Читаем The Lioness полностью

Kerian’s gut wrenched, the pain doubling her over. Jeratt let her go as everything she’d eaten since daybreak came spewing out. Her belly spasmed again, and falling to her hands and knees, she gagged. The golden chain round her neck slid and slipped, Gil’s ring falling outside her shirt. Light glinted sharply off the facets of the topaz. Sweat cold and thin slid down her neck. Confused, her head spinning, she looked around and saw but a forest of legs.

A hand reached down, big and brown. It took her wrist, not roughly, not gently.

“Up,” said a deep voice, a voice not Jeratt’s.

The word rang in her head painfully, like a clapper in a bell. Kerian winced. She tried to pull away from the hand but had no strength for resistance. The man’s hand slipped down her wrist.

“There can’t be much more left in you, so on your feet, Kerianseray of Qualinost.”

She knew him then. In the scornful twist of his voice, in the subtle insult of the naming, she knew him. He pulled, she rose, and Kerian looked into the eyes of her brother, Iydahar.

Chapter Ten

Kerian stood before her brother, but she didn’t know him. She knew the shape of his face, the cut of his shoulders, the way he held his head. She recognized him, but not the hardness of his eyes, or the way he looked at her as though across a gulf of distance and time.

“Dar,” she said.

His eyes grew colder.

Elves in their rough gear stood still. The little shadow that had been a screech-voiced old woman was gone.

“Brother,” she said.

Iydahar turned from her. Silently, he held out his hand to Ayensha. “Ayensha,” he said, and in all the years she’d known him, Kerian had never heard such tenderness in her brother’s voice. “Wife,” he said to the woman Kerian had rescued, “where have you been?”

Wife! Kerian drew breath to speak, to give words to her wonder. She fell silent, the words unshaped, for one tear, perfect and silver, slid down Ayensha’s cheek, making a shining trail through the grime of days.

“Husband,” Ayensha whispered. “Ah, I have been on hard roads.”

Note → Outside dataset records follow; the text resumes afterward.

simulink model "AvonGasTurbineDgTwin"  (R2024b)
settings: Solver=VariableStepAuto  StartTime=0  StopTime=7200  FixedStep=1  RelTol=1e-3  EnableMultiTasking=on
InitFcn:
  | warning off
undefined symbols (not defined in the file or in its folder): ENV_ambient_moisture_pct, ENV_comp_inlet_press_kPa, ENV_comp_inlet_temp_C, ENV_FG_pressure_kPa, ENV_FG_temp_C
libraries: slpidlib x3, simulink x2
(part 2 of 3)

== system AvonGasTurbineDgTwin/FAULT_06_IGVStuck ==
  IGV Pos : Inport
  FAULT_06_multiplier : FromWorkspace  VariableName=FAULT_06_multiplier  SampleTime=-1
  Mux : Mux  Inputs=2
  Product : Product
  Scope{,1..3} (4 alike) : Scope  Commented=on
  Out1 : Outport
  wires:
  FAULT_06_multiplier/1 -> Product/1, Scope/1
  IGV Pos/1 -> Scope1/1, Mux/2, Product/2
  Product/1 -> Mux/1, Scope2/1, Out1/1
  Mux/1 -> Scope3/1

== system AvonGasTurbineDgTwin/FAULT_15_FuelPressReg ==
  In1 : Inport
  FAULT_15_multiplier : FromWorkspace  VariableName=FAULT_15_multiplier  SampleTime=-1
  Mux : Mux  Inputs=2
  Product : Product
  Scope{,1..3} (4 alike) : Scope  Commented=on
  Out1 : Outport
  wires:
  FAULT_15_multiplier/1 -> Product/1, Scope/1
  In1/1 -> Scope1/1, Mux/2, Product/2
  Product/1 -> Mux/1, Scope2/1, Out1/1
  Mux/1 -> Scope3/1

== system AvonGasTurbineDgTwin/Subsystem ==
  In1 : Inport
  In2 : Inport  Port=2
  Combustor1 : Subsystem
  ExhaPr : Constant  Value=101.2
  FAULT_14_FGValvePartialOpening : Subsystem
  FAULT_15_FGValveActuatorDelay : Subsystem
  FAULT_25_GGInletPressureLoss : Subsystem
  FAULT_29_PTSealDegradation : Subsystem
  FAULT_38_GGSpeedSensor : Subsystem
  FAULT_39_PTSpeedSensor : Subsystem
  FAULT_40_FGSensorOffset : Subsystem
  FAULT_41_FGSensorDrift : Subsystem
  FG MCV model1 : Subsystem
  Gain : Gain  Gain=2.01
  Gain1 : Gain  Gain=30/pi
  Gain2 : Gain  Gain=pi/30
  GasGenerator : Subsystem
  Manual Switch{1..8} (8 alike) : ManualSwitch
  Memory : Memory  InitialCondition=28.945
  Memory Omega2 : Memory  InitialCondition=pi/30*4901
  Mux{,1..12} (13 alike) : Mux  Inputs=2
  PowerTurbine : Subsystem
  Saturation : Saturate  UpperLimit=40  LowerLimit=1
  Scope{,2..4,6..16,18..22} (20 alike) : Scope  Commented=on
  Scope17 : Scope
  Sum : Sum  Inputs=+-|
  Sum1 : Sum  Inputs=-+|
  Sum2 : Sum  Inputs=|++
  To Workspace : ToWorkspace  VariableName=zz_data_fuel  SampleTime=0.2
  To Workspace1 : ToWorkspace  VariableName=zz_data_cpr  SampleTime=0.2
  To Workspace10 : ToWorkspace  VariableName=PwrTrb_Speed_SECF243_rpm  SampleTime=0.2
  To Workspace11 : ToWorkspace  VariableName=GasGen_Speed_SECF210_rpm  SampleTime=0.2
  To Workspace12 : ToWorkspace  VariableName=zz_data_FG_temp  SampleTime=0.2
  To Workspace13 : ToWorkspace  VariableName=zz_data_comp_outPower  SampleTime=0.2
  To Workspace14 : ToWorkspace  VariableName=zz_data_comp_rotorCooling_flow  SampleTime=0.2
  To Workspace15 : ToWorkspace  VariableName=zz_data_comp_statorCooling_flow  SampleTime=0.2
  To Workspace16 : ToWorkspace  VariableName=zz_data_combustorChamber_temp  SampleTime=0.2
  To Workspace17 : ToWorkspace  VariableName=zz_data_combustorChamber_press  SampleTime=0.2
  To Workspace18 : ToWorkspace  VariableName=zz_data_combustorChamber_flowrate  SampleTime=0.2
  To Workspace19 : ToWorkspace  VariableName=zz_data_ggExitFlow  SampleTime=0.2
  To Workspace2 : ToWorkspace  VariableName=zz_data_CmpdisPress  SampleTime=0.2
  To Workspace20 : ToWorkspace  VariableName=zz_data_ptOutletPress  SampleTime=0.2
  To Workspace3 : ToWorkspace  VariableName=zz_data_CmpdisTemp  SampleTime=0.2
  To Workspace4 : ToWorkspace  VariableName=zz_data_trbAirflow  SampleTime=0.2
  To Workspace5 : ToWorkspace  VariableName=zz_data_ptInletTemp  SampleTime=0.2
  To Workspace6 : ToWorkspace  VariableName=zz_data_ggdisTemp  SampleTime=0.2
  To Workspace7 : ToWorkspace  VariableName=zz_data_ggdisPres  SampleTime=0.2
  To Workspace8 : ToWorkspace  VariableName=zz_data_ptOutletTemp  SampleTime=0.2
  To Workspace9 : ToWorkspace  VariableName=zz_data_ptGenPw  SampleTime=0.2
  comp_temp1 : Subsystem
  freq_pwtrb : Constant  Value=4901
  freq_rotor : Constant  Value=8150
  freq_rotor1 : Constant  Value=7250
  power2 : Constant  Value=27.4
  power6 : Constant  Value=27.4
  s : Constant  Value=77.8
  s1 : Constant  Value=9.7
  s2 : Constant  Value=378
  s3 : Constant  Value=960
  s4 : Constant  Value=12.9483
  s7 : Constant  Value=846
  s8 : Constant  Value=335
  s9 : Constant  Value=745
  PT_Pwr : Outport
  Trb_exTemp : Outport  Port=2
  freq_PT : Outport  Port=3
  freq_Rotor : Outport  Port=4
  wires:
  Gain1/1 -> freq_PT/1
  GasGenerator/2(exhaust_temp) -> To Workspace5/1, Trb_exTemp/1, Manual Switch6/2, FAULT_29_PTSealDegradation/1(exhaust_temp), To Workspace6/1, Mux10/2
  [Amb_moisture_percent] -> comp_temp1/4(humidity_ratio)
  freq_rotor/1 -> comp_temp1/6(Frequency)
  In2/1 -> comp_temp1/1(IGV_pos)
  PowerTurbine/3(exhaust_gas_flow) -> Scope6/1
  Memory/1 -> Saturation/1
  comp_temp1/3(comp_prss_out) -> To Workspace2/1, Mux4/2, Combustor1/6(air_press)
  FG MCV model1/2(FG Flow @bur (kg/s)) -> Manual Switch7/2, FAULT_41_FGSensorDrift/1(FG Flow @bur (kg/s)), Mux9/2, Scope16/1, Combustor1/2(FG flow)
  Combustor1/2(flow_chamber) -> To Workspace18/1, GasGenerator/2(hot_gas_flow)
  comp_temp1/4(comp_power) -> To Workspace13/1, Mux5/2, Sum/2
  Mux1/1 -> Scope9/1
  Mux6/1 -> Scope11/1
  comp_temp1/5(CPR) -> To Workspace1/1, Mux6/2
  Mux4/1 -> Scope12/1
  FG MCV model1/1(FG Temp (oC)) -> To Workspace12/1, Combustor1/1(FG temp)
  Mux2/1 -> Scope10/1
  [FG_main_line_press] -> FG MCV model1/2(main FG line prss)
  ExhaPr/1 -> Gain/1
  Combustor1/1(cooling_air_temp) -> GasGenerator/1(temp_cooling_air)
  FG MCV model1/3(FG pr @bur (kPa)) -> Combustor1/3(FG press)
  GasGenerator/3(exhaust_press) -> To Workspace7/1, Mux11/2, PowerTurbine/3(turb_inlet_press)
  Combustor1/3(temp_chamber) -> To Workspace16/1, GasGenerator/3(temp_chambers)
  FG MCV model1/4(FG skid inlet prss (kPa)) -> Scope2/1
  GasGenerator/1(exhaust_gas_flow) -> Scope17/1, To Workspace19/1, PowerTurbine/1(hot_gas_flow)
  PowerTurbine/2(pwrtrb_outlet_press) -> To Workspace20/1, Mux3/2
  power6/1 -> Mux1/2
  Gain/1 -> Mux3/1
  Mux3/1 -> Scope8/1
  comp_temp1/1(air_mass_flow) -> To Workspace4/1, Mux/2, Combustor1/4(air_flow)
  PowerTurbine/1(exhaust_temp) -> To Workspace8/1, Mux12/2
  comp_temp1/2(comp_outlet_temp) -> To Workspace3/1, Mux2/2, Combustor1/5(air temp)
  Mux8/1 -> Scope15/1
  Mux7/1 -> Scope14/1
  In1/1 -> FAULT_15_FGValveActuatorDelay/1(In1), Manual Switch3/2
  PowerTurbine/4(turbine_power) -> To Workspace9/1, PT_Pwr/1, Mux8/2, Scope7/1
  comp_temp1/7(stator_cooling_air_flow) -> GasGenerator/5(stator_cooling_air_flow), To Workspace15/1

Kerian saw again the haunted, hunted woman jerked into the Hare and Hound, hobbled and hands bound. She watched in silence, breathless, as her brother took in Ayensha’s words and the meaning Kerian only guessed.

Iydahar opened his arms, gathered his wife to him, and held her gently.

A hand closed round Kerian’s arm. Gruff, his voice like gravel in his throat, Jeratt said, “Give ’em peace, Kerianseray.”

Jeratt led her away, across the basin to the foot of the hill. Someone came and brought her water. Kerian drank without tasting. All the elves who had been hidden in shadow stood now in the light of day, and there were at least a dozen of them. By design or instinct, they ranged themselves so that their backs were to the two weeping in each other’s arms, so that they formed a wall of privacy for the wounded pair.


Kerian did not see or speak with her brother for a week after her arrival at the outlaw camp. Iydahar and Ayensha kept to themselves. That her brother was angry, she did not doubt. No sign of it did she see, but she felt it. At night sometimes, sitting beside a fire at meal, sitting alone and looking high to the glittering sky, she felt Iydahar’s anger.

“Man’s planning,” Jeratt said to her, one evening when all slept around them. He poked at the fire, sending a plume of sparks dancing up. “Man’s planning. You can see it on him.”

Kerian could see very little to recognize in her brother. His eyes were cold when he looked at her, his expression stony, and that had nothing to do with his grief or his anger.

She thought about it often, awake in the nights, often alone. She paced the perimeter of the basin, silent-footed, careful not to disturb sleepers. They did not post watches here, Kerian marveled at that. They all slept the nights through, secure in the embrace of a warding none doubted.

“The old woman,” Jeratt told Kerian on the first night. “You don’t always see her, the woman’s half-crazy, but you can count on the ward.”

Kerian had seen that they all did, going about the nights and days as though they were safe within walls. And so she paced, and sometimes went up the hill and sat on high ground, thinking.

This band were outlaws in the eyes of Lord Thagol, hunted by his Knights and gleeful disruptors of his peace. They hated him, some with passion, some with private cause.

“Saw him once,” Jeratt said. “Pickin’ around the wreck of a supply train we tore up. Cold as winter, him. Nah, you see the mark of how mad he is on his Knights, the poor bastards he sends out to collar us and kill us. Them’s the ones look like ghosts, for all you hear about him being the spooky one. Them’s the ones.” He shook his head, spat, and pulled his lips back in a feral grin. “The Skull Knight, he does something to their minds when he ain’t happy. Fills ’em up with nightmares and such.”

Her voice thin as a blade’s edge, Kerian said, “On the parapet of the eastern bridge in Qualinost, Thagol pikes the heads of those his Knights catch and kill.”